Some questions on best index performance


#1

Hi!
I am trying out couchbase for use in our domain (automotive). When the big €€€ enterpise players fails delivering i thought why not try it myself :slight_smile:

Assume i have an view with the following map function that creates a compound key (a article is mapped onto serveral cars that can be placed into several categories):

function (doc, meta) {
if (doc.type=="test"){
	if(doc.cars.length > 0) {
		for(var idx in doc.cars) {
			for(var idxs in doc.category) {
				emit([doc.category[idxs],doc.cars[idx].id], {"sku":doc.sku,"name":doc.article_name,"description":doc.article_description});
			}
		}
	}
}

}

  1. I want to query for the first param, the category ID. So my startkey for category 2 would be [2] and endkey [2,{}]. Does this query has a equally good performance as define yet another view , single key, that only has param startkey 2 endkey 2 ?

  2. Is there any problem with define a rather complex map function (multiple for loops as above) rather than model the keys unqiue from the beginning, i.e SKU_CARID (that is…every key has a single SKU and a single CAR_ID) rather than create the index “on-the-fly” using the un-nesting map function.

  3. Is there any way to create the view index and then remove part of the JSON document (programmatically update/set the keys again) without the index automatically starts to re-index? What i mean, sometimes it makes sense to create a index but the actual array used for building the index does not make sense to keep within the actual key in memory. In my case the json document can consists of an array with 10k+ numbers which with the above map generates needed structure for range queries.
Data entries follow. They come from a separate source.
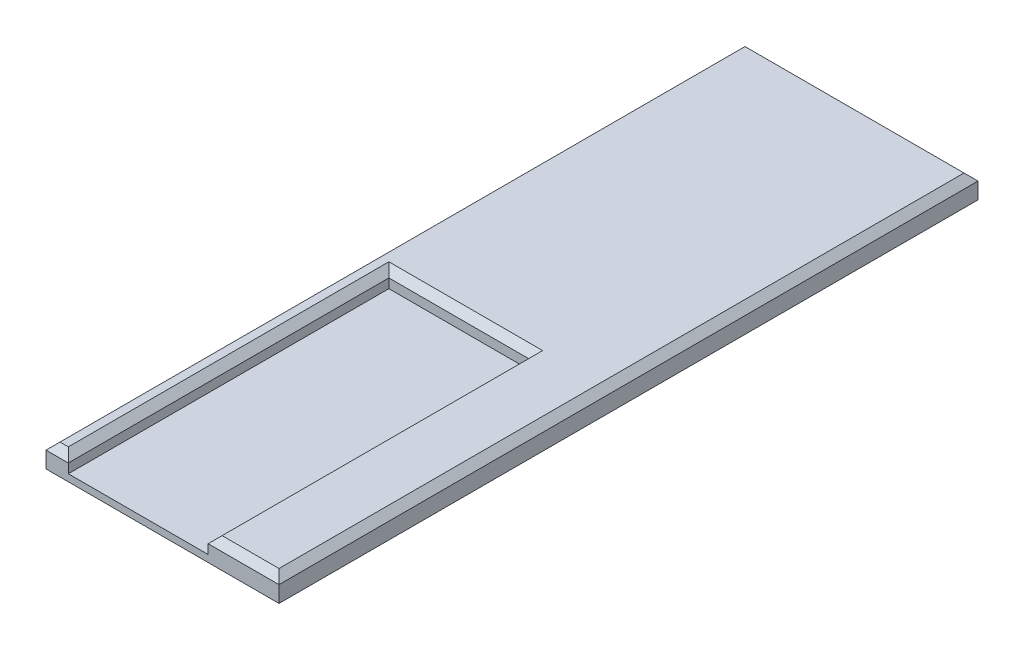
ISO-10303-21;
HEADER;
FILE_DESCRIPTION(('STEP AP214'),'2;1');
FILE_NAME('part.step','',(''),(''),'','','');
FILE_SCHEMA(('AUTOMOTIVE_DESIGN { 1 0 10303 214 1 1 1 1 }'));
ENDSEC;
DATA;
#1=APPLICATION_CONTEXT('core data for automotive mechanical design processes');
#2=APPLICATION_PROTOCOL_DEFINITION('international standard','automotive_design',2000,#1);
#3=PRODUCT_CONTEXT('',#1,'mechanical');
#4=PRODUCT('Part','Part','',(#3));
#5=PRODUCT_RELATED_PRODUCT_CATEGORY('part','',(#4));
#6=PRODUCT_DEFINITION_FORMATION('','',#4);
#7=PRODUCT_DEFINITION_CONTEXT('part definition',#1,'design');
#8=PRODUCT_DEFINITION('design','',#6,#7);
#9=PRODUCT_DEFINITION_SHAPE('','',#8);
#10=(LENGTH_UNIT() NAMED_UNIT(*) SI_UNIT(.MILLI.,.METRE.));
#11=(NAMED_UNIT(*) PLANE_ANGLE_UNIT() SI_UNIT($,.RADIAN.));
#12=(NAMED_UNIT(*) SI_UNIT($,.STERADIAN.) SOLID_ANGLE_UNIT());
#13=UNCERTAINTY_MEASURE_WITH_UNIT(LENGTH_MEASURE(1.E-05),#10,'distance_accuracy_value','');
#14=(GEOMETRIC_REPRESENTATION_CONTEXT(3) GLOBAL_UNCERTAINTY_ASSIGNED_CONTEXT((#13)) GLOBAL_UNIT_ASSIGNED_CONTEXT((#10,
#11,#12)) REPRESENTATION_CONTEXT('',''));
#15=CARTESIAN_POINT('',(0.,0.,0.));
#16=DIRECTION('',(0.,0.,1.));
#17=DIRECTION('',(1.,0.,0.));
#18=AXIS2_PLACEMENT_3D('',#15,#16,#17);
#19=CARTESIAN_POINT('',(-50.,-10.,150.));
#20=DIRECTION('',(-1.,0.,0.));
#21=DIRECTION('',(0.,0.,1.));
#22=AXIS2_PLACEMENT_3D('',#19,#20,#21);
#23=PLANE('',#22);
#24=DIRECTION('',(0.,1.,0.));
#25=VECTOR('',#24,1.);
#26=CARTESIAN_POINT('',(-50.,-10.,150.));
#27=LINE('',#26,#25);
#28=CARTESIAN_POINT('',(-50.,-10.,150.));
#29=VERTEX_POINT('',#28);
#30=CARTESIAN_POINT('',(-50.,-3.,150.));
#31=VERTEX_POINT('',#30);
#32=EDGE_CURVE('E172',#29,#31,#27,.T.);
#33=ORIENTED_EDGE('',*,*,#32,.T.);
#34=DIRECTION('',(0.,0.,-1.));
#35=VECTOR('',#34,1.);
#36=CARTESIAN_POINT('',(-50.,-3.,150.));
#37=LINE('',#36,#35);
#38=CARTESIAN_POINT('',(-50.,-3.,-150.));
#39=VERTEX_POINT('',#38);
#40=EDGE_CURVE('E46',#31,#39,#37,.T.);
#41=ORIENTED_EDGE('',*,*,#40,.T.);
#42=DIRECTION('',(0.,1.,0.));
#43=VECTOR('',#42,1.);
#44=CARTESIAN_POINT('',(-50.,-10.,-150.));
#45=LINE('',#44,#43);
#46=CARTESIAN_POINT('',(-50.,-10.,-150.));
#47=VERTEX_POINT('',#46);
#48=EDGE_CURVE('E173',#47,#39,#45,.T.);
#49=ORIENTED_EDGE('',*,*,#48,.F.);
#50=DIRECTION('',(0.,0.,1.));
#51=VECTOR('',#50,1.);
#52=CARTESIAN_POINT('',(-50.,-10.,150.));
#53=LINE('',#52,#51);
#54=EDGE_CURVE('E159',#47,#29,#53,.T.);
#55=ORIENTED_EDGE('',*,*,#54,.T.);
#56=EDGE_LOOP('',(#33,#41,#49,#55));
#57=FACE_BOUND('',#56,.T.);
#58=ADVANCED_FACE('F36',(#57),#23,.T.);
#59=CARTESIAN_POINT('',(50.,-10.,-150.));
#60=DIRECTION('',(0.,0.,-1.));
#61=DIRECTION('',(-1.,0.,0.));
#62=AXIS2_PLACEMENT_3D('',#59,#60,#61);
#63=PLANE('',#62);
#64=ORIENTED_EDGE('',*,*,#48,.T.);
#65=DIRECTION('',(1.,0.,0.));
#66=VECTOR('',#65,1.);
#67=CARTESIAN_POINT('',(50.,-3.,-150.));
#68=LINE('',#67,#66);
#69=CARTESIAN_POINT('',(50.,-3.,-150.));
#70=VERTEX_POINT('',#69);
#71=EDGE_CURVE('E11',#39,#70,#68,.T.);
#72=ORIENTED_EDGE('',*,*,#71,.T.);
#73=DIRECTION('',(0.,1.,0.));
#74=VECTOR('',#73,1.);
#75=CARTESIAN_POINT('',(50.,-10.,-150.));
#76=LINE('',#75,#74);
#77=CARTESIAN_POINT('',(50.,-10.,-150.));
#78=VERTEX_POINT('',#77);
#79=EDGE_CURVE('E176',#78,#70,#76,.T.);
#80=ORIENTED_EDGE('',*,*,#79,.F.);
#81=DIRECTION('',(-1.,0.,0.));
#82=VECTOR('',#81,1.);
#83=CARTESIAN_POINT('',(50.,-10.,-150.));
#84=LINE('',#83,#82);
#85=EDGE_CURVE('E169',#78,#47,#84,.T.);
#86=ORIENTED_EDGE('',*,*,#85,.T.);
#87=EDGE_LOOP('',(#64,#72,#80,#86));
#88=FACE_BOUND('',#87,.T.);
#89=ADVANCED_FACE('F255',(#88),#63,.T.);
#90=CARTESIAN_POINT('',(50.,-10.,150.));
#91=DIRECTION('',(1.,0.,0.));
#92=DIRECTION('',(0.,0.,-1.));
#93=AXIS2_PLACEMENT_3D('',#90,#91,#92);
#94=PLANE('',#93);
#95=ORIENTED_EDGE('',*,*,#79,.T.);
#96=DIRECTION('',(0.,0.,1.));
#97=VECTOR('',#96,1.);
#98=CARTESIAN_POINT('',(50.,-3.,150.));
#99=LINE('',#98,#97);
#100=CARTESIAN_POINT('',(50.,-3.,150.));
#101=VERTEX_POINT('',#100);
#102=EDGE_CURVE('E198',#70,#101,#99,.T.);
#103=ORIENTED_EDGE('',*,*,#102,.T.);
#104=DIRECTION('',(0.,1.,0.));
#105=VECTOR('',#104,1.);
#106=CARTESIAN_POINT('',(50.,-10.,150.));
#107=LINE('',#106,#105);
#108=CARTESIAN_POINT('',(50.,-10.,150.));
#109=VERTEX_POINT('',#108);
#110=EDGE_CURVE('E179',#109,#101,#107,.T.);
#111=ORIENTED_EDGE('',*,*,#110,.F.);
#112=DIRECTION('',(0.,0.,-1.));
#113=VECTOR('',#112,1.);
#114=CARTESIAN_POINT('',(50.,-10.,150.));
#115=LINE('',#114,#113);
#116=EDGE_CURVE('E166',#109,#78,#115,.T.);
#117=ORIENTED_EDGE('',*,*,#116,.T.);
#118=EDGE_LOOP('',(#95,#103,#111,#117));
#119=FACE_BOUND('',#118,.T.);
#120=ADVANCED_FACE('F260',(#119),#94,.T.);
#121=CARTESIAN_POINT('',(50.,-10.,150.));
#122=DIRECTION('',(0.,0.,1.));
#123=DIRECTION('',(1.,0.,0.));
#124=AXIS2_PLACEMENT_3D('',#121,#122,#123);
#125=PLANE('',#124);
#126=ORIENTED_EDGE('',*,*,#110,.T.);
#127=DIRECTION('',(-1.,0.,0.));
#128=VECTOR('',#127,1.);
#129=CARTESIAN_POINT('',(50.,-3.,150.));
#130=LINE('',#129,#128);
#131=CARTESIAN_POINT('',(19.5825318432793,-3.,150.));
#132=VERTEX_POINT('',#131);
#133=EDGE_CURVE('E152',#101,#132,#130,.T.);
#134=ORIENTED_EDGE('',*,*,#133,.T.);
#135=DIRECTION('',(0.,1.,0.));
#136=VECTOR('',#135,1.);
#137=CARTESIAN_POINT('',(19.5825318432793,-7.,150.));
#138=LINE('',#137,#136);
#139=CARTESIAN_POINT('',(19.5825318432793,-7.,150.));
#140=VERTEX_POINT('',#139);
#141=EDGE_CURVE('E132',#140,#132,#138,.T.);
#142=ORIENTED_EDGE('',*,*,#141,.F.);
#143=DIRECTION('',(1.,0.,0.));
#144=VECTOR('',#143,1.);
#145=CARTESIAN_POINT('',(19.5825318432793,-7.,150.));
#146=LINE('',#145,#144);
#147=CARTESIAN_POINT('',(-40.4174681567207,-7.,150.));
#148=VERTEX_POINT('',#147);
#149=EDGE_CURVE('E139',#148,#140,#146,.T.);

However it is of no importance to have this is array floating around within and steel bandwidth when GET the single key.

Thanks!


#2

[1] Startkey/Endkey performance vs a dedicated view depends on the size of the documents and size of the database. My suspicion is with CB 3.0 using a dedicated view will be slightly better performance for retrieval vs a startkey/endkey, while only incurring marginally more cpu at time of ingestion.

[2] I’m not sure I understand the question. I believe what’s being asked is what is the difference between a complex map function vs a the overhead incurred from modeling at the application tier? Its a question of where the modeling logic resides and is applied for retrieval–at the application or within the database in a view.

[3] There is no means of performing DML with views, currently.